TASK GOAL:
Print, in exact form, the lines below from the one containing "doc.units = ezdxf.units.IN" through the one containing "-0.03125, 0.03125, -0.03125])", and omit all others.

== SOURCE DATA

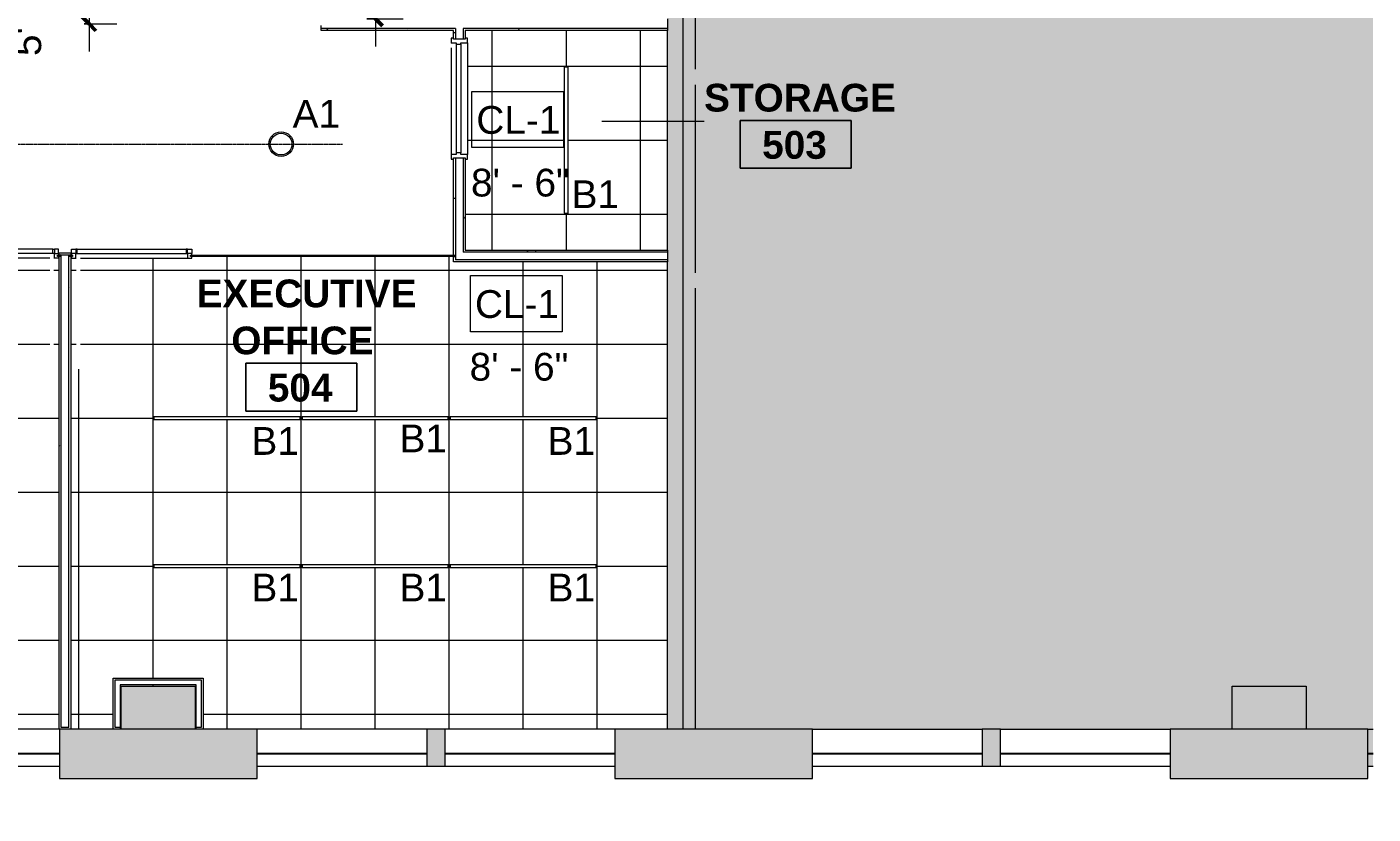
# Model space of a CAD drawing. Header units: inches. Extents: x 0 to 1865, y 0 to 1094.
# Drawn here: x 1428.4 to 1864.7, y 0 to 255.2 of the extents above; entities that cross this region are included whole.
import ezdxf

# ---------------------------------------------------------------- set-up
doc = ezdxf.new("R2010")
doc.units = ezdxf.units.IN
doc.header["$MEASUREMENT"] = 0
doc.linetypes.add('Center 1_16_', pattern=[0.15625, 0.0625, -0.03125, 0.03125, -0.03125])
for name, color, linetype, lineweight in [('_DEMISING WALLS', 7, 'Continuous', 9), ('A-ANNO-DIMS', 211, 'Continuous', 9), ('A-ANNO-DIMS-96', 211, 'Continuous', 9), ('A-AREA-IDEN', 2, 'Continuous', 9), ('A-CLNG', 13, 'Continuous', 13), ('A-CLNG-IDEN', 151, 'Continuous', 9), ('A-CLNG-PATT', 13, 'Continuous', 13), ('A-DETL', 90, 'Continuous', 9), ('A-DETL-GENF', 92, 'Continuous', 9), ('A-DOOR', 31, 'Continuous', 13), ('A-WALL', 113, 'Continuous', 13), ('A-WALL-PATT', 111, 'Continuous', 13), ('E-LITE-EQPM', 33, 'Continuous', 9), ('E-LITE-EQPM-IDEN', 33, 'Continuous', 9), ('I-WALL', 2, 'Continuous', 13), ('S-COLS', 52, 'Continuous', 13), ('Victor Bldg - 5th Floor_LINK_dwg', 8, 'Continuous', 9), ('WINDOWS', 7, 'Continuous', 9), ('WINDOWS SILL', 7, 'Continuous', 9)]:
    doc.layers.add(name, color=color, linetype=linetype, lineweight=lineweight)
doc.styles.add('Arial', font='arial.ttf', dxfattribs={"height": 9})
doc.styles.add('Swis721 Lt BT', font='swissl.ttf', dxfattribs={"height": 9})
doc.styles.add('Swis721 Lt BT_B', font='', dxfattribs={"height": 9})
doc.styles.get('Swis721 Lt BT_B').set_extended_font_data('Swis721 Lt BT', bold=True)
doc.dimstyles.new('OTJ_-_3_32__Linear__1_2__Tolerance_1', dxfattribs={"dimscale": 12, "dimtxt": 9.497835, "dimasz": 0.375, "dimexe": 0.75, "dimexo": 0.5, "dimgap": 0.5, "dimtad": 1, "dimdec": 1, "dimrnd": 0.5, "dimzin": 3, "dimdsep": 46, "dimlunit": 4, "dimtxsty": 'Swis721 Lt BT', "dimblk1": 'OBLIQUE', "dimblk2": 'OBLIQUE', "dimsah": 1, "dimcen": 0.09, "dimdle": 0.75, "dimazin": 0, "dimtfac": 1, "dimtdec": 4, "dimtix": 1, "dimtmove": 1, "dimatfit": 3, "dimfxl": 1, "dimtvp": 1, "dimfrac": 2, "dimtolj": 1, "dimtzin": 0, "dimarcsym": 2})
doc.dimstyles.new('OTJ_-_3_32__Linear__1_2__Tolerance_2', dxfattribs={"dimscale": 12, "dimtxt": 9.497835, "dimasz": 0.375, "dimexe": 0.75, "dimexo": 0.5, "dimgap": 0.5, "dimtad": 1, "dimdec": 1, "dimrnd": 0.5, "dimzin": 3, "dimdsep": 46, "dimlunit": 4, "dimtxsty": 'Swis721 Lt BT', "dimblk1": 'OBLIQUE', "dimblk2": 'OBLIQUE', "dimsah": 1, "dimcen": 0.09, "dimdle": 0.75, "dimazin": 0, "dimtfac": 1, "dimtdec": 4, "dimtix": 1, "dimtmove": 2, "dimatfit": 3, "dimfxl": 1, "dimtvp": 1, "dimfrac": 2, "dimtolj": 1, "dimtzin": 0, "dimarcsym": 2})
pattern_1 = [(0, (0, 0), (30.72, 7.68), [1.267, -21.773, 1.267, -21.773, -122.88]), (0, (0, 0), (30.72, 7.68), [-46.08, 1.267, -44.813, 1.267, -21.773, -53.76]), (0, (0, 0), (30.72, 7.68), [-115.2, 1.267, -14.093, 1.267, -37.133]), (120, (11.52, 3.84), (-22.011075, 22.7643), [1.267, -21.773, 1.267, -21.773, -122.88]), (120, (11.52, 3.84), (-22.011075, 22.7643), [-46.08, 1.267, -44.813, 1.267, -21.773, -53.76]), (120, (11.52, 3.84), (-22.011075, 22.7643), [-115.2, 1.267, -14.093, 1.267, -37.133]), (240, (15.36, 19.2), (-8.708925, -30.4443), [1.267, -21.773, 1.267, -21.773, -122.88]), (240, (15.36, 19.2), (-8.708925, -30.4443), [-46.08, 1.267, -44.813, 1.267, -21.773, -53.76]), (240, (15.36, 19.2), (-8.708925, -30.4443), [-115.2, 1.267, -14.093, 1.267, -37.133])]

# ---------------------------------------------------------------- blocks, each defined once
blk = doc.blocks.new('Concrete-Rectangular-Column - 24_ X 24_-V3-REFLECTED CEILING PLAN')
at = {"layer": 'S-COLS', "lineweight": 9}
blk.add_hatch(color=7, dxfattribs=at).paths.add_polyline_path([(-12, -2), (12, -2), (12, 12), (-12, 12)], flags=0)
at = {"layer": 'S-COLS', "color": 8, "lineweight": 20}
for p, q in [((-12, 12), (12, 12)), ((-12, -2), (-12, 12)), ((12, 12), (12, -2))]:
    blk.add_line(p, q, dxfattribs=at)
blk = doc.blocks.new('L-PENDANT_FOCAL POINT 3_5 CYLINDER - L-PENDANT_FOCAL POINT 3_5 CYLINDER-7826649-REFLECTED CEILING PLAN')
at = {"layer": 'E-LITE-EQPM'}
for radius in [4, 3.5]:
    blk.add_circle((-0.125, 0), radius, dxfattribs=at)
blk = doc.blocks.new('Victor Bldg - 5th Floor_LINK_dwg-6972324-REFLECTED CEILING PLAN')
at = {"layer": '_DEMISING WALLS'}
for p, q in [((1645, 236.5), (1645, 175.5)), ((1645, 170.5), (1645, 27.5))]:
    blk.add_line(p, q, dxfattribs=at)
at = {"layer": '_DEMISING WALLS', "flags": 128}
blk.add_lwpolyline([(1805.87, 653.43), (1805.87, 409.5), (1645, 409.5), (1645, 241.5)], dxfattribs=at)
at = {"layer": 'WINDOWS'}
for p, q in [((1384, 19.75), (1439, 19.75)), ((1384, 19.5), (1439, 19.5)), ((1503, 19.75), (1558, 19.75)), ((1503, 19.5), (1558, 19.5)), ((1564, 19.75), (1619, 19.75)), ((1564, 19.5), (1619, 19.5)), ((1683, 19.75), (1738, 19.75)), ((1683, 19.5), (1738, 19.5)), ((1744, 19.75), (1799, 19.75)), ((1744, 19.5), (1799, 19.5)), ((1863, 19.75), (1864.71, 19.75)), ((1863, 19.5), (1864.71, 19.5))]:
    blk.add_line(p, q, dxfattribs=at)
at = {"layer": 'WINDOWS SILL'}
for p, q in [((1683, 27.5), (1738, 27.5)), ((1744, 27.5), (1799, 27.5)), ((1863, 27.5), (1864.71, 27.5)), ((1384, 15.5), (1439, 15.5)), ((1503, 15.5), (1558, 15.5)), ((1564, 15.5), (1619, 15.5)), ((1683, 15.5), (1738, 15.5)), ((1744, 15.5), (1799, 15.5)), ((1863, 15.5), (1864.71, 15.5))]:
    blk.add_line(p, q, dxfattribs=at)
blk = doc.blocks.new('Lighting fixture TBLS-HX-4-15-B-U-W - TBLS-HX-4-24-7815314-REFLECTED CEILING PLAN')
at = {"layer": 'E-LITE-EQPM'}
for p, q in [((-0.54, 23.67), (0.54, 23.67)), ((-0.54, 23.67), (-0.54, -23.67)), ((-0.47, 23.75), (0.47, 23.75)), ((-0.47, 23.75), (-0.47, 23.67)), ((0.47, 23.67), (0.47, 23.75)), ((0.54, -23.67), (0.54, 23.67)), ((0.54, -23.67), (-0.54, -23.67)), ((-0.47, -23.67), (-0.47, -23.75)), ((0.47, -23.75), (-0.47, -23.75)), ((0.47, -23.75), (0.47, -23.67))]:
    blk.add_line(p, q, dxfattribs=at)
blk = doc.blocks.new('Door - Single - Full Lite-8092562-REFLECTED CEILING PLAN')
at = {"layer": 'A-DOOR', "lineweight": 9}
for p, q in [((-15.51, 0.68), (-15.51, 2.14)), ((-15.51, 2.14), (-14.13, 2.14)), ((-14.13, 0.68), (-15.51, 0.68)), ((-15.51, 0.68), (-15.51, 0.16)), ((-14.13, 2.14), (-14.13, 0.68)), ((-13.63, 2.14), (-14.13, 2.14)), ((-14.13, 0.64), (-13.63, 0.64)), ((-14.13, -0.86), (-14.13, 0.64)), ((-13.63, 2.14), (21.62, 2.14)), ((-13.63, 0.64), (-13.63, 2.14)), ((-13.63, 0.64), (21.62, 0.64)), ((21.62, 2.14), (21.62, 0.64)), ((22.12, 2.14), (21.62, 2.14)), ((21.62, 0.64), (22.12, 0.64)), ((22.12, 2.14), (23.49, 2.14)), ((22.12, 0.68), (22.12, 2.14)), ((23.49, 0.68), (22.12, 0.68)), ((22.12, 0.64), (22.12, -0.86)), ((23.49, 2.14), (23.49, 0.68)), ((23.49, 0.16), (23.49, 0.68)), ((-15.51, -0.34), (-15.51, -0.86)), ((-15.51, -0.86), (-14.13, -0.86)), ((-14.13, -0.86), (-14.01, -0.86)), ((-12.63, -0.86), (22.12, -0.86)), ((22.12, -0.86), (23.49, -0.86)), ((23.49, -0.86), (23.49, -0.34))]:
    blk.add_line(p, q, dxfattribs=at)
blk = doc.blocks.new('Door - Single - Full Lite-8092558-REFLECTED CEILING PLAN')
at = {"layer": 'A-DOOR', "lineweight": 9}
for p, q in [((-15.51, 0.34), (-15.51, 0.86)), ((-15.51, 0.86), (-14.13, 0.86)), ((-14.13, 0.86), (-14.01, 0.86)), ((-14.13, 0.86), (-14.13, -0.64)), ((-12.63, 0.86), (22.12, 0.86)), ((22.12, -0.64), (22.12, 0.86)), ((22.12, 0.86), (23.49, 0.86)), ((23.49, 0.86), (23.49, 0.34)), ((-15.51, -0.68), (-15.51, -0.16)), ((-15.51, -0.68), (-15.51, -2.14)), ((-14.13, -0.68), (-15.51, -0.68)), ((-15.51, -2.14), (-14.13, -2.14)), ((-14.13, -0.64), (-13.63, -0.64)), ((-14.13, -2.14), (-14.13, -0.68)), ((-13.63, -2.14), (-14.13, -2.14)), ((-13.63, -0.64), (21.62, -0.64)), ((-13.63, -0.64), (-13.63, -2.14)), ((-13.63, -2.14), (21.62, -2.14)), ((21.62, -2.14), (21.62, -0.64)), ((21.62, -0.64), (22.12, -0.64)), ((22.12, -2.14), (21.62, -2.14)), ((23.49, -0.68), (22.12, -0.68)), ((22.12, -0.68), (22.12, -2.14)), ((22.12, -2.14), (23.49, -2.14)), ((23.49, -0.16), (23.49, -0.68)), ((23.49, -2.14), (23.49, -0.68))]:
    blk.add_line(p, q, dxfattribs=at)
blk = doc.blocks.new('Door - Single - Solid Door-8145027-REFLECTED CEILING PLAN')
at = {"layer": 'A-DOOR', "lineweight": 9}
for p, q in [((-14.13, 2.54), (-15.63, 2.54)), ((-15.63, 2.54), (-15.63, 1.79)), ((-14.13, 2.54), (22.12, 2.54)), ((-14.13, 0.41), (-14.13, 2.54)), ((-13.63, 0.41), (-14.13, 0.41)), ((-13.63, 0.41), (21.62, 0.41)), ((-13.63, -1.09), (-13.63, 0.41)), ((21.62, 0.41), (21.62, -1.09)), ((22.12, 0.41), (21.62, 0.41)), ((22.12, 2.54), (22.12, 0.41)), ((23.62, 2.54), (22.12, 2.54)), ((23.62, 1.79), (23.62, 2.54)), ((-15.63, -1.96), (-15.63, -2.71)), ((-15.63, -2.71), (-14.13, -2.71)), ((-14.13, -1.09), (-13.63, -1.09)), ((-14.13, -2.71), (-14.13, -1.09)), ((-14.13, -2.71), (-14.01, -2.71)), ((-13.63, -1.09), (21.62, -1.09)), ((-12.51, -2.71), (22.12, -2.71)), ((21.62, -1.09), (22.12, -1.09)), ((22.12, -1.09), (22.12, -2.71)), ((22.12, -2.71), (23.62, -2.71)), ((23.62, -2.71), (23.62, -1.96))]:
    blk.add_line(p, q, dxfattribs=at)
blk = doc.blocks.new('Lighting fixture TBLS-HX-4-15-B-U-W - TBLS-HX-4-24-V9-REFLECTED CEILING PLAN')
at = {"layer": 'E-LITE-EQPM'}
for p, q in [((-0.54, 23.67), (0.54, 23.67)), ((-0.54, 23.67), (-0.54, -23.67)), ((-0.47, 23.75), (0.47, 23.75)), ((-0.47, 23.75), (-0.47, 23.67)), ((0.47, 23.67), (0.47, 23.75)), ((0.54, -23.67), (0.54, 23.67)), ((0.54, -23.67), (-0.54, -23.67)), ((-0.47, -23.71), (-0.47, -23.75)), ((0.47, -23.75), (-0.47, -23.75)), ((0.47, -23.75), (0.47, -23.71))]:
    blk.add_line(p, q, dxfattribs=at)
blk = doc.blocks.new('Room Tag - Room Name and Number-3379422-REFLECTED CEILING PLAN')
at = {"layer": 'A-AREA-IDEN'}
for p, q in [((-0.1881, -0.1636), (-0.1881, -0.0018)), ((-0.1881, -0.0018), (0.1869, -0.0018)), ((0.1869, -0.0018), (-0.1881, -0.0018)), ((-0.1881, -0.0018), (-0.1881, -0.1636)), ((0.1869, -0.0018), (0.1869, -0.1636)), ((0.1869, -0.1636), (0.1869, -0.0018)), ((0.1869, -0.1636), (-0.1881, -0.1636)), ((-0.1881, -0.1636), (0.1869, -0.1636))]:
    blk.add_line(p, q, dxfattribs=at)
blk = doc.blocks.new('DIMBLOCK20-REFLECTED CEILING PLAN')
at = {"layer": 'A-ANNO-DIMS-96', "lineweight": 50}
for p, q in [((1448.57, 316.25), (1446.32, 318.5)), ((1448.57, 316.25), (1450.82, 314)), ((1448.57, 256.25), (1446.32, 258.5)), ((1448.57, 256.25), (1450.82, 254))]:
    blk.add_line(p, q, dxfattribs=at)
at = {"layer": 'A-ANNO-DIMS-96'}
for p, q in [((1459.69, 316.25), (1439.57, 316.25)), ((1448.57, 316.25), (1448.57, 247.25)), ((1448.57, 316.25), (1459.69, 316.25)), ((1447, 256.25), (1457.57, 256.25)), ((1448.57, 256.25), (1447, 256.25))]:
    blk.add_line(p, q, dxfattribs=at)
blk.add_ellipse((1448.57, 274.9), major_axis=(-20.04, 0), ratio=0.566355, start_param=4.712389, end_param=6.283185, dxfattribs=at)
at = {"layer": 'A-ANNO-DIMS-96', "color": 0, "insert": (1424.04, 245.8), "char_height": 9, "width": 34.9159, "attachment_point": 1, "rotation": 90, "line_spacing_factor": 1.005062, "style": 'Swis721 Lt BT'}
blk.add_mtext('5\' - 0"', dxfattribs=at)
blk = doc.blocks.new('_Oblique')
at = {"color": 0, "linetype": 'ByBlock', "lineweight": -2}
blk.add_line((-0.5, -0.5), (0.5, 0.5), dxfattribs=at)
blk = doc.blocks.new('DIMBLOCK59-REFLECTED CEILING PLAN')
at = {"layer": 'A-ANNO-DIMS-96'}
for p, q in [((1541.42, 296.87), (1541.42, 248.87)), ((1538.6, 287.87), (1550.42, 287.87)), ((1541.42, 287.87), (1538.6, 287.87)), ((1538.6, 257.87), (1550.42, 257.87)), ((1541.42, 257.87), (1538.6, 257.87))]:
    blk.add_line(p, q, dxfattribs=at)
at = {"layer": 'A-ANNO-DIMS-96', "lineweight": 50}
for p, q in [((1541.42, 287.87), (1539.17, 290.12)), ((1541.42, 287.87), (1543.67, 285.62)), ((1541.42, 257.87), (1539.17, 260.12)), ((1541.42, 257.87), (1543.67, 255.62))]:
    blk.add_line(p, q, dxfattribs=at)
at = {"layer": 'A-ANNO-DIMS-96', "color": 0, "insert": (1545.75, 258.33), "char_height": 9, "width": 34.9159, "attachment_point": 1, "rotation": 90, "line_spacing_factor": 1.005062, "style": 'Swis721 Lt BT'}
blk.add_mtext('2\' - 6"', dxfattribs=at)

msp = doc.modelspace()

# ---------------------------------------------------------------- hatches: boundary and pattern name
at = {"layer": 'A-CLNG-PATT'}
h = msp.add_hatch(dxfattribs=at)
h.set_pattern_fill('FP_24', color=256, style=0, pattern_type=2)
h.set_pattern_definition([(270, (1603.25, 218.5), (-24, -1e-15), []), (180, (1603.25, 218.5), (3e-15, 24), [])])
h.paths.add_polyline_path([(1636.06, 182.87), (1636.04, 254.12), (1570.44, 254.12), (1570.44, 251.62), (1571.19, 251.62), (1571.19, 212.37), (1570.44, 212.37), (1570.44, 182.87), (1633.8, 182.87)], flags=0)
h.paths.add_polyline_path([(1602.71, 194.82), (1602.71, 242.17), (1603.79, 242.17), (1603.79, 194.82)], flags=0)
h = msp.add_hatch(dxfattribs=at)
h.set_pattern_fill('FP_17', color=256, style=0, pattern_type=2)
h.set_pattern_definition([(270, (1393.037, 104.375), (-24, -1e-15), []), (180, (1393.037, 104.375), (-3e-15, 24), [])])
h.paths.add_polyline_path([(1378, 27.5), (1438.88, 27.5), (1438.88, 180.75), (1438.7, 180.75), (1438.7, 180.23), (1437.2, 180.23), (1437.2, 144.23), (1435.82, 144.23), (1435.82, 180.23), (1399.7, 180.23), (1399.7, 180.75), (1323.2, 180.75), (1323.2, 27.5)], flags=0)
h.paths.add_polyline_path([(1374.51, 79.84), (1345.36, 79.84), (1345.36, 80.91), (1417.36, 80.91), (1417.36, 79.84), (1381.83, 79.84)], flags=0)
h.paths.add_polyline_path([(1345.36, 127.84), (1345.36, 128.91), (1417.36, 128.91), (1417.36, 127.84), (1352.56, 127.84)], flags=0)
h = msp.add_hatch(dxfattribs=at)
h.set_pattern_fill('FP_18', color=256, style=0, pattern_type=2)
h.set_pattern_definition([(0, (1541.28, 80.375), (0, -24), []), (270, (1541.28, 80.375), (-24, -1e-15), [])])
h.paths.add_polyline_path([(1456.38, 27.5), (1456.38, 44.12), (1485.5, 44.12), (1485.5, 27.5), (1636.06, 27.5), (1636.06, 179.12), (1566.69, 179.12), (1566.69, 180.75), (1481.88, 180.75), (1481.88, 180.23), (1445.75, 180.23), (1445.75, 144.23), (1444.38, 144.23), (1444.38, 180.23), (1442.88, 180.23), (1442.88, 180.75), (1442.62, 180.75), (1442.62, 27.5)], flags=0)
h.paths.add_polyline_path([(1458.62, 27.5), (1459, 27.5), (1459, 41.5), (1483, 41.5), (1483, 27.5), (1483.25, 27.5), (1483.25, 41.87), (1458.62, 41.87), (1458.62, 28.12)], flags=0)
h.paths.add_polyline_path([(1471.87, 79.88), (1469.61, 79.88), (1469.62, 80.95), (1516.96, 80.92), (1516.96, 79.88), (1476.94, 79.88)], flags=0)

====

RESPONSE:
doc.units = ezdxf.units.IN
doc.header["$MEASUREMENT"] = 0
doc.linetypes.add('Center 1_16_', pattern=[0.15625, 0.0625, -0.03125, 0.03125, -0.03125])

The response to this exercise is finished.